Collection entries
· · · · ·
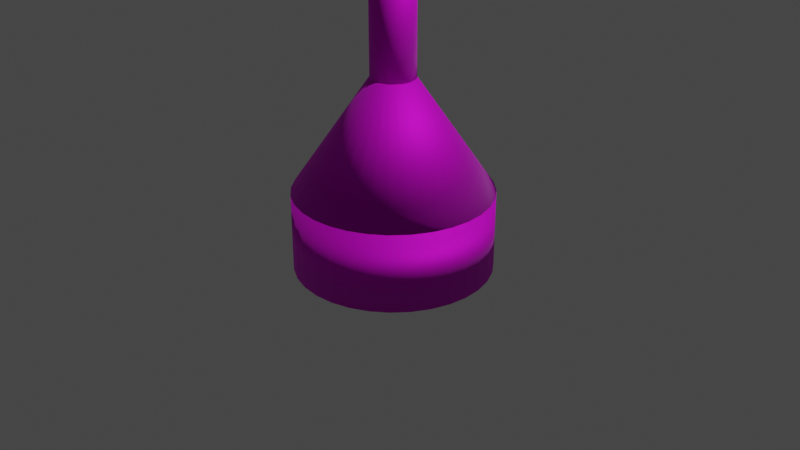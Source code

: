 # Source: czerwona_Boja_morska.blend  (saved by Blender 3.4.6; exported with 4.5.12 LTS)
import bpy
from mathutils import Matrix  # noqa: F401  (used for matrix-valued properties, if any)

bpy.ops.wm.read_factory_settings(use_empty=True)
scene = bpy.context.scene
scene.name = 'Scene'

# ---- collections
col_collection = bpy.data.collections.new('Collection'); scene.collection.children.link(col_collection)

# ---- images (referenced by path relative to the original .blend; pixels are not part of the script)
import os
ASSET_DIR = os.environ.get("B2B_ASSET_DIR", "")  # directory of the original .blend (textures are referenced by path, not embedded)
HERE = os.path.dirname(os.path.abspath(__file__))  # packed textures are extracted next to this script under _unpacked/

def load_image(name, relpath, width, height, colorspace="sRGB"):
    """Load a texture the original file referenced (path relative to the .blend, or extracted next to this script)."""
    p = next((c for c in (os.path.join(HERE, relpath), os.path.join(ASSET_DIR, relpath)) if relpath and os.path.exists(c)), "")
    if p:
        img = bpy.data.images.load(p, check_existing=True)
        img.name = name
    else:  # same state as the original file: an image datablock whose file is absent (Cycles renders it pink)
        img = bpy.data.images.new(name, width, height)
        img.source = "FILE"
        img.filepath = "//" + (relpath or name)
    img.colorspace_settings.name = colorspace
    return img
img_streszczenie_zblizenie_metaliczne_tlo_jpg = load_image('streszczenie-zblizenie-metaliczne-tlo.jpg', 'streszczenie-zblizenie-metaliczne-tlo.jpg', 1024, 1024, 'sRGB')
img_wiat_o_jpg = load_image('światło.jpg', 'światło.jpg', 1024, 1024, 'sRGB')

# ---- materials (node trees are filled in below, after node groups)
mat_red_metal = bpy.data.materials.new('Red metal')
mat_red_metal.use_transparent_shadow = False
mat_light = bpy.data.materials.new('light')
mat_light.use_transparent_shadow = False

# ---- material node trees
mat_red_metal.use_nodes = True; mat_red_metal.node_tree.nodes.clear()
_N = mat_red_metal.node_tree.nodes; _L = mat_red_metal.node_tree.links
n0 = _N.new('ShaderNodeBsdfPrincipled'); n0.name = 'Principled BSDF'; n0.location = (10, 300)
n0.distribution = 'GGX'
n0.subsurface_method = 'RANDOM_WALK_SKIN'
n0.inputs[1].default_value = 0.7156
n0.inputs[2].default_value = 0.7385
n0.inputs[3].default_value = 1.45
n0.inputs[24].default_value = 0.02936
n0.inputs[27].default_value = (0.0, 0.0, 0.0, 1.0)
n0.inputs[28].default_value = 1.0
n1 = _N.new('ShaderNodeOutputMaterial'); n1.name = 'Material Output'; n1.location = (300, 300)
n2 = _N.new('ShaderNodeTexImage'); n2.name = 'Image Texture'; n2.location = (-280, 275)
n2.image = img_streszczenie_zblizenie_metaliczne_tlo_jpg
n2.interpolation = 'Closest'
_L.new(n0.outputs[0], n1.inputs[0])
_L.new(n2.outputs[0], n0.inputs[0])
n1.is_active_output = True
mat_light.use_nodes = True; mat_light.node_tree.nodes.clear()
_N = mat_light.node_tree.nodes; _L = mat_light.node_tree.links
n0 = _N.new('ShaderNodeBsdfPrincipled'); n0.name = 'Principled BSDF'; n0.location = (10, 300)
n0.distribution = 'GGX'
n0.subsurface_method = 'RANDOM_WALK_SKIN'
n0.inputs[1].default_value = 0.6789
n0.inputs[3].default_value = 1.45
n0.inputs[27].default_value = (0.9285, 0.001797, 0.0, 1.0)
n0.inputs[28].default_value = 11.0
n1 = _N.new('ShaderNodeOutputMaterial'); n1.name = 'Material Output'; n1.location = (300, 300)
n2 = _N.new('ShaderNodeTexImage'); n2.name = 'Image Texture'; n2.location = (-280, 275)
n2.image = img_wiat_o_jpg
n2.interpolation = 'Cubic'
_L.new(n0.outputs[0], n1.inputs[0])
_L.new(n2.outputs[0], n0.inputs[0])
n1.is_active_output = True

# ---- world
world_world = bpy.data.worlds.new('World'); scene.world = world_world
world_world.use_nodes = True; world_world.node_tree.nodes.clear()
_N = world_world.node_tree.nodes; _L = world_world.node_tree.links
n0 = _N.new('ShaderNodeOutputWorld'); n0.name = 'World Output'; n0.location = (300, 300)
n1 = _N.new('ShaderNodeBackground'); n1.name = 'Background'; n1.location = (10, 300)
n1.inputs[0].default_value = (0.05088, 0.05088, 0.05088, 1.0)
_L.new(n1.outputs[0], n0.inputs[0])
n0.is_active_output = True
world_world.color = (0.05088, 0.05088, 0.05088)
world_world.use_sun_shadow = False
world_world.sun_shadow_jitter_overblur = 0.0

# ---- cameras
cam_camera = bpy.data.cameras.new('Camera')
cam_camera.clip_end = 100.0
cam_camera.ortho_scale = 7.314

# ---- lights
light_light = bpy.data.lights.new('Light', 'POINT')
light_light.transmission_factor = 0.0
light_light.energy = 1000.0
light_light.shadow_soft_size = 0.1
light_light.shadow_maximum_resolution = 0.006
light_light.use_absolute_resolution = True

# ---- meshes
me_cylinder = bpy.data.meshes.new('Cylinder')
me_cylinder.from_pydata([(0.0, 1.0, -1.0), (0.0, 1.0, 1.0), (0.1951, 0.9808, -1.0), (0.1951, 0.9808, 1.0), (0.3827, 0.9239, -1.0), (0.3827, 0.9239, 1.0), (0.5556, 0.8315, -1.0), (0.5556, 0.8315, 1.0), (0.7071, 0.7071, -1.0), (0.7071, 0.7071, 1.0), (0.8315, 0.5556, -1.0), (0.8315, 0.5556, 1.0), (0.9239, 0.3827, -1.0), (0.9239, 0.3827, 1.0), (0.9808, 0.1951, -1.0), (0.9808, 0.1951, 1.0), (1.0, 0.0, -1.0), (1.0, 0.0, 1.0), (0.9808, -0.1951, -1.0), (0.9808, -0.1951, 1.0), (0.9239, -0.3827, -1.0), (0.9239, -0.3827, 1.0), (0.8315, -0.5556, -1.0), (0.8315, -0.5556, 1.0), (0.7071, -0.7071, -1.0), (0.7071, -0.7071, 1.0), (0.5556, -0.8315, -1.0), (0.5556, -0.8315, 1.0), (0.3827, -0.9239, -1.0), (0.3827, -0.9239, 1.0), (0.1951, -0.9808, -1.0), (0.1951, -0.9808, 1.0), (0.0, -1.0, -1.0), (0.0, -1.0, 1.0), (-0.1951, -0.9808, -1.0), (-0.1951, -0.9808, 1.0), (-0.3827, -0.9239, -1.0), (-0.3827, -0.9239, 1.0), (-0.5556, -0.8315, -1.0), (-0.5556, -0.8315, 1.0), (-0.7071, -0.7071, -1.0), (-0.7071, -0.7071, 1.0), (-0.8315, -0.5556, -1.0), (-0.8315, -0.5556, 1.0), (-0.9239, -0.3827, -1.0), (-0.9239, -0.3827, 1.0), (-0.9808, -0.1951, -1.0), (-0.9808, -0.1951, 1.0), (-1.0, 0.0, -1.0), (-1.0, 0.0, 1.0), (-0.9808, 0.1951, -1.0), (-0.9808, 0.1951, 1.0), (-0.9239, 0.3827, -1.0), (-0.9239, 0.3827, 1.0), (-0.8315, 0.5556, -1.0), (-0.8315, 0.5556, 1.0), (-0.7071, 0.7071, -1.0), (-0.7071, 0.7071, 1.0), (-0.5556, 0.8315, -1.0), (-0.5556, 0.8315, 1.0), (-0.3827, 0.9239, -1.0), (-0.3827, 0.9239, 1.0), (-0.1951, 0.9808, -1.0), (-0.1951, 0.9808, 1.0)], [], [(0, 1, 3, 2), (2, 3, 5, 4), (4, 5, 7, 6), (6, 7, 9, 8), (8, 9, 11, 10), (10, 11, 13, 12), (12, 13, 15, 14), (14, 15, 17, 16), (16, 17, 19, 18), (18, 19, 21, 20), (20, 21, 23, 22), (22, 23, 25, 24), (24, 25, 27, 26), (26, 27, 29, 28), (28, 29, 31, 30), (30, 31, 33, 32), (32, 33, 35, 34), (34, 35, 37, 36), (36, 37, 39, 38), (38, 39, 41, 40), (40, 41, 43, 42), (42, 43, 45, 44), (44, 45, 47, 46), (46, 47, 49, 48), (48, 49, 51, 50), (50, 51, 53, 52), (52, 53, 55, 54), (54, 55, 57, 56), (56, 57, 59, 58), (58, 59, 61, 60), (3, 1, 63, 61, 59, 57, 55, 53, 51, 49, 47, 45, 43, 41, 39, 37, 35, 33, 31, 29, 27, 25, 23, 21, 19, 17, 15, 13, 11, 9, 7, 5), (60, 61, 63, 62), (62, 63, 1, 0), (0, 2, 4, 6, 8, 10, 12, 14, 16, 18, 20, 22, 24, 26, 28, 30, 32, 34, 36, 38, 40, 42, 44, 46, 48, 50, 52, 54, 56, 58, 60, 62)])
me_cylinder.polygons.foreach_set('use_smooth', [True] * 34)
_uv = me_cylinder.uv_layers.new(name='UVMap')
· · · · ·
**What to produce**:
Every line of the entries above that contains the word "False" must be tallied, and the number alone reported.

**Task result**:
3